This post was written by undergraduate ScIU Social Media Intern Sam Bolla. He was a Media Science major in The Media School’s Class of 2020!
5G is the fifth generation of wireless technology for digital cellular networks. This improved technology is said to fuel the future of innovation in our world. It can transform the way we live, work, and entertain, not only by allowing us to connect with our friends faster, but also by giving us the ability to interconnect with machines, objects, and devices. The new connection offers upload and download speeds 10 times faster than 4G, allowing more devices to access the internet and more information to be transferred.

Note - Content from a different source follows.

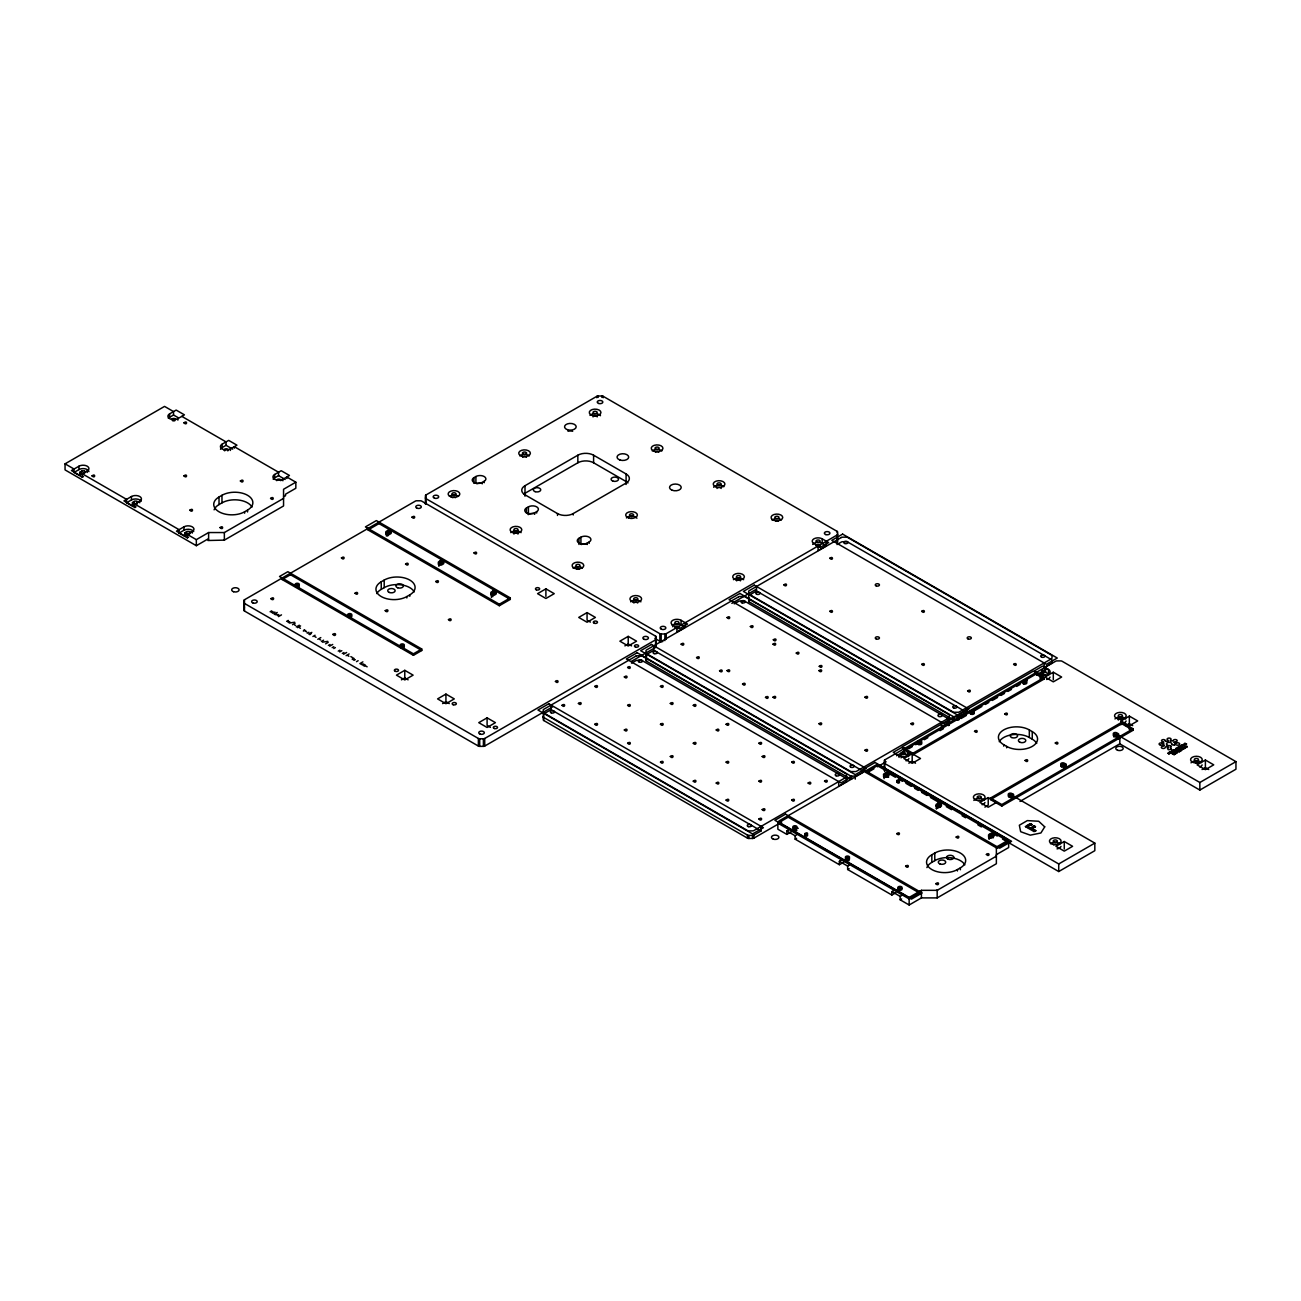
<?xml version="1.0" encoding="UTF-8"?>
<svg xmlns="http://www.w3.org/2000/svg" width="1301" height="1301" viewBox="0 0 1301 1301"><rect width="100%" height="100%" fill="white"/><g stroke="black" fill="none" stroke-linecap="round" stroke-linejoin="round"><path stroke-width="1.5" d="M543.785 713.842L543.785 716.867A1.854 1.073 0 0 0 543.249 717.632L543.249 714.591A1.854 1.073 0 0 1 543.785 713.842L551.071 709.647L761.118 830.916L761.118 826.363M551.071 709.647L551.071 705.093M646.516 654.533L646.516 657.558A1.854 1.073 0 0 0 645.979 658.322L645.979 655.281A1.854 1.073 0 0 1 646.516 654.533L653.801 650.337L863.848 771.607L863.848 767.053M653.801 650.337L653.801 645.784M753.848 835.112A1.854 1.073 0 0 1 752.531 835.421L748.823 835.421A1.854 1.073 0 0 1 747.506 835.112L543.785 717.501A1.854 1.073 0 0 1 543.249 716.737L543.249 719.778A1.854 1.073 0 0 0 543.785 720.526L747.506 838.153A1.854 1.073 0 0 0 748.823 838.462L752.531 838.462A1.854 1.073 0 0 0 753.848 838.153L753.848 835.112L761.118 830.916M838.69 781.576L838.69 786.129L845.959 781.934A1.854 1.073 0 0 0 846.512 781.169M941.42 722.266L941.42 726.82L948.689 722.624A1.854 1.073 0 0 0 949.242 721.86L949.242 724.885A1.854 1.073 0 0 1 949.096 725.308M948.689 725.649L948.689 722.624M1026.782 826.428L1025.448 826.428L1035.872 830.656L1031.026 828.526L1035.45 826.834L1034.051 825.842L1035.466 826.655L1032.522 828.526M1030.473 828.395L1027.4 826.607M836.998 544.55L841.373 542.029A1.854 1.073 0 0 1 842.69 541.72L846.398 541.72A1.854 1.073 0 0 1 847.715 542.029L1051.419 659.64A1.854 1.073 0 0 1 1051.972 660.404L1051.972 662.551A1.854 1.073 0 0 1 1051.419 663.299L1044.15 667.511L1044.15 662.957M1185.048 744.855L1183.276 745.424A1.805 1.041 0 0 1 1182.495 744.92L1183.796 744.205M1176.868 749.522L1177.47 749.441A1.74 1.008 0 0 0 1178.007 749.197L1177.226 748.384M1186.658 743.961L1184.707 744.448M1173.957 751.295L1172.136 751.832M1173.746 750.205L1174.543 749.848A14.002 8.082 0 0 1 1174.982 750.092L1176.006 750.335L1172.819 750.026M1164.525 745.684L1163.061 746.302M1184.528 744.855L1183.487 745.148M1167.452 748.4L1168.249 749.701L1170.542 749.522A1.903 1.09 0 0 0 1170.981 749.132M1173.112 740.562L1173.193 740.432A2.033 1.171 0 0 1 1176.446 739.781A2.033 1.171 0 0 1 1176.023 741.749M1184.544 743.684L1185.455 743.554M1185.471 746.546L1186.366 746.4M1187 746.953L1186.024 747.116L1187.016 746.465M1172.949 740.838L1170.672 741.05M304.353 629.668L303.344 630.985L305.654 630.416M1177.535 747.343L1179.893 747.555M1179.844 748.124L1177.649 747.929M1171.859 751.002L1172.705 750.872M1181.731 748.335L1181.747 748.303A1.691 0.976 0 0 1 1182.511 747.864L1183.991 748.303M1168.298 753.068L1169.127 752.954M1178.055 747.425L1179.405 747.685M1182.918 746.237L1180.853 745.489L1182.17 744.969M1186.057 744.123L1184.886 743.18L1184.43 744.286M1171.42 752.563L1170.835 752.645A1.789 1.041 0 0 1 1170.136 752.238M1178.023 750.823L1178.625 750.71A1.951 1.122 0 0 1 1179.324 751.116M1181.341 750.661C1179.584 749.376 1184.626 750.84 1181.194 748.579M1169.583 753.637L1168.965 753.702A2 1.155 0 0 1 1168.363 753.377L1168.298 753.328M1180.218 751.279L1179.308 751.815M1175.356 754.108L1174.218 753.799M1178.95 746.481L1179.974 746.725A15.888 9.172 0 0 0 1180.414 746.969C1182.755 747.294 1178.446 744.725 1181.373 746.254M1169.274 752.238L1174.234 754.743M1163.956 743.245L1162.004 743.099M1178.771 749.978L1180.706 750.335L1179.991 749.278M289.781 621.797L288.611 622.48M354.279 659.07L353.124 659.721M355.271 659.64L354.116 660.306M365.5 665.559L364.361 666.21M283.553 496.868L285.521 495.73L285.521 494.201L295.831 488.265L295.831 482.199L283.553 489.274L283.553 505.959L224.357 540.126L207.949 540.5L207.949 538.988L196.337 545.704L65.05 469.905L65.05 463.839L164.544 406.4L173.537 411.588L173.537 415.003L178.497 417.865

5G technology is in its beginning stages and currently raises more questions than answers. While the service will heighten our access to information and connectability, it will raise a variety of other issues that impact our society. Data privacy, health, the economy, and infrastructure are all variables that play a role in the future of 5G. It will be a slowly-adopted process that can only be evaluated when problems emerge from it.
A serious privacy concern is the ability to exactly pinpoint your geographic location and track your movements in real time. While it is said that 5G encrypts data to make it more difficult to intercept, it also sends and receives more data than previous networks. Because 5G is more cloud- and software-based than previous networks, it’s easier to monitor. This makes your data much more difficult to access by hackers and scammers, but much easier to monitor for telecom companies. The presence of 5G may cause an increase in connected devices, ultimately forcing one to give up their privacy and adopt the technology. Would you feel comfortable knowing every piece of technology you use is sending personal information back to someone? Every device that is designed to connect to the internet must also be designed to protect information.
Because 5G would give multiple information systems the ability to communicate simultaneously, it opens doors across many industries, such as healthcare. Medical devices will be able to send real-time information to healthcare professionals, meaning quicker diagnosis and treatment for those in need. Large X-Ray and CT scan files can be downloaded in just a few minutes, shortening long visits to the hospital. According to Forbes, 5G could also aid in the improvement of self-driving vehicles. Autonomous cars will be able to communicate with each other and traffic management systems.
5G was made available in major cities such as Chicago, New York, and Los Angeles because their dense populations make it difficult to access the mobile internet. 5G allows city employees to keep track of maintenance and infrastructure more efficiently. Another problem with 5G is that it cannot travel very far, so towers must be installed close together. Some towers are as close as five hundred feet apart. You could imagine how this might be a problem in cities. Cities often disguise them as trees. Fear that they spread Coronavirus and harmful radiation have also impacted their presence. Some have taken to protesting over the towers, even going so far as to lighting them on fire, although this is rare. The infrastructure is going to be expensive to maintain; however, telecom companies forecast that the technology will bring in two hundred fifty billion dollars in annual revenue by 2025. Unfortunately, low population density and lack of infrastructure make it nearly impossible to install 5G in rural areas.
This means that 5G could potentially heighten the digital divide, which is already very prevalent in low-income areas of cities and rural areas around the United States. For example, studies show that as much as forty percent of Detroit, Michigan residents do not even have access to broadband internet. Every major city has a similar situation. According to the FCC, sixty-five percent of rural Americans and nearly sixty percent of those on tribal lands have access to high-speed internet. Rural areas won’t be eligible for this service unless their populations grow, which will inevitably drive the price of the service down and availability up. If the implementation of 5G will result in leaving out rural and low-income areas, this begs the question of “should we?” Lack of access to the internet would impact access to information and connectability, leaving already isolated communities to be further isolated, but putting every effort into including these areas in this technological advancement could have significant economic impacts.
Redlining, or excluding low-income or minority communities of service, is an even greater risk of 5G, especially because it’s legal. For example, AT&T has been accused of redlining Detroit and Dallas by the FCC. This is truly an issue, because it puts a discriminatory gap between low-income communities and access to information. While companies base their decisions on cost and demand forecast modeling, I think this one should be based more on social repercussions. Is it ethical that telecom giants, advertisers, and third parties can access more information from some, but cut off information from those they deem unprofitable?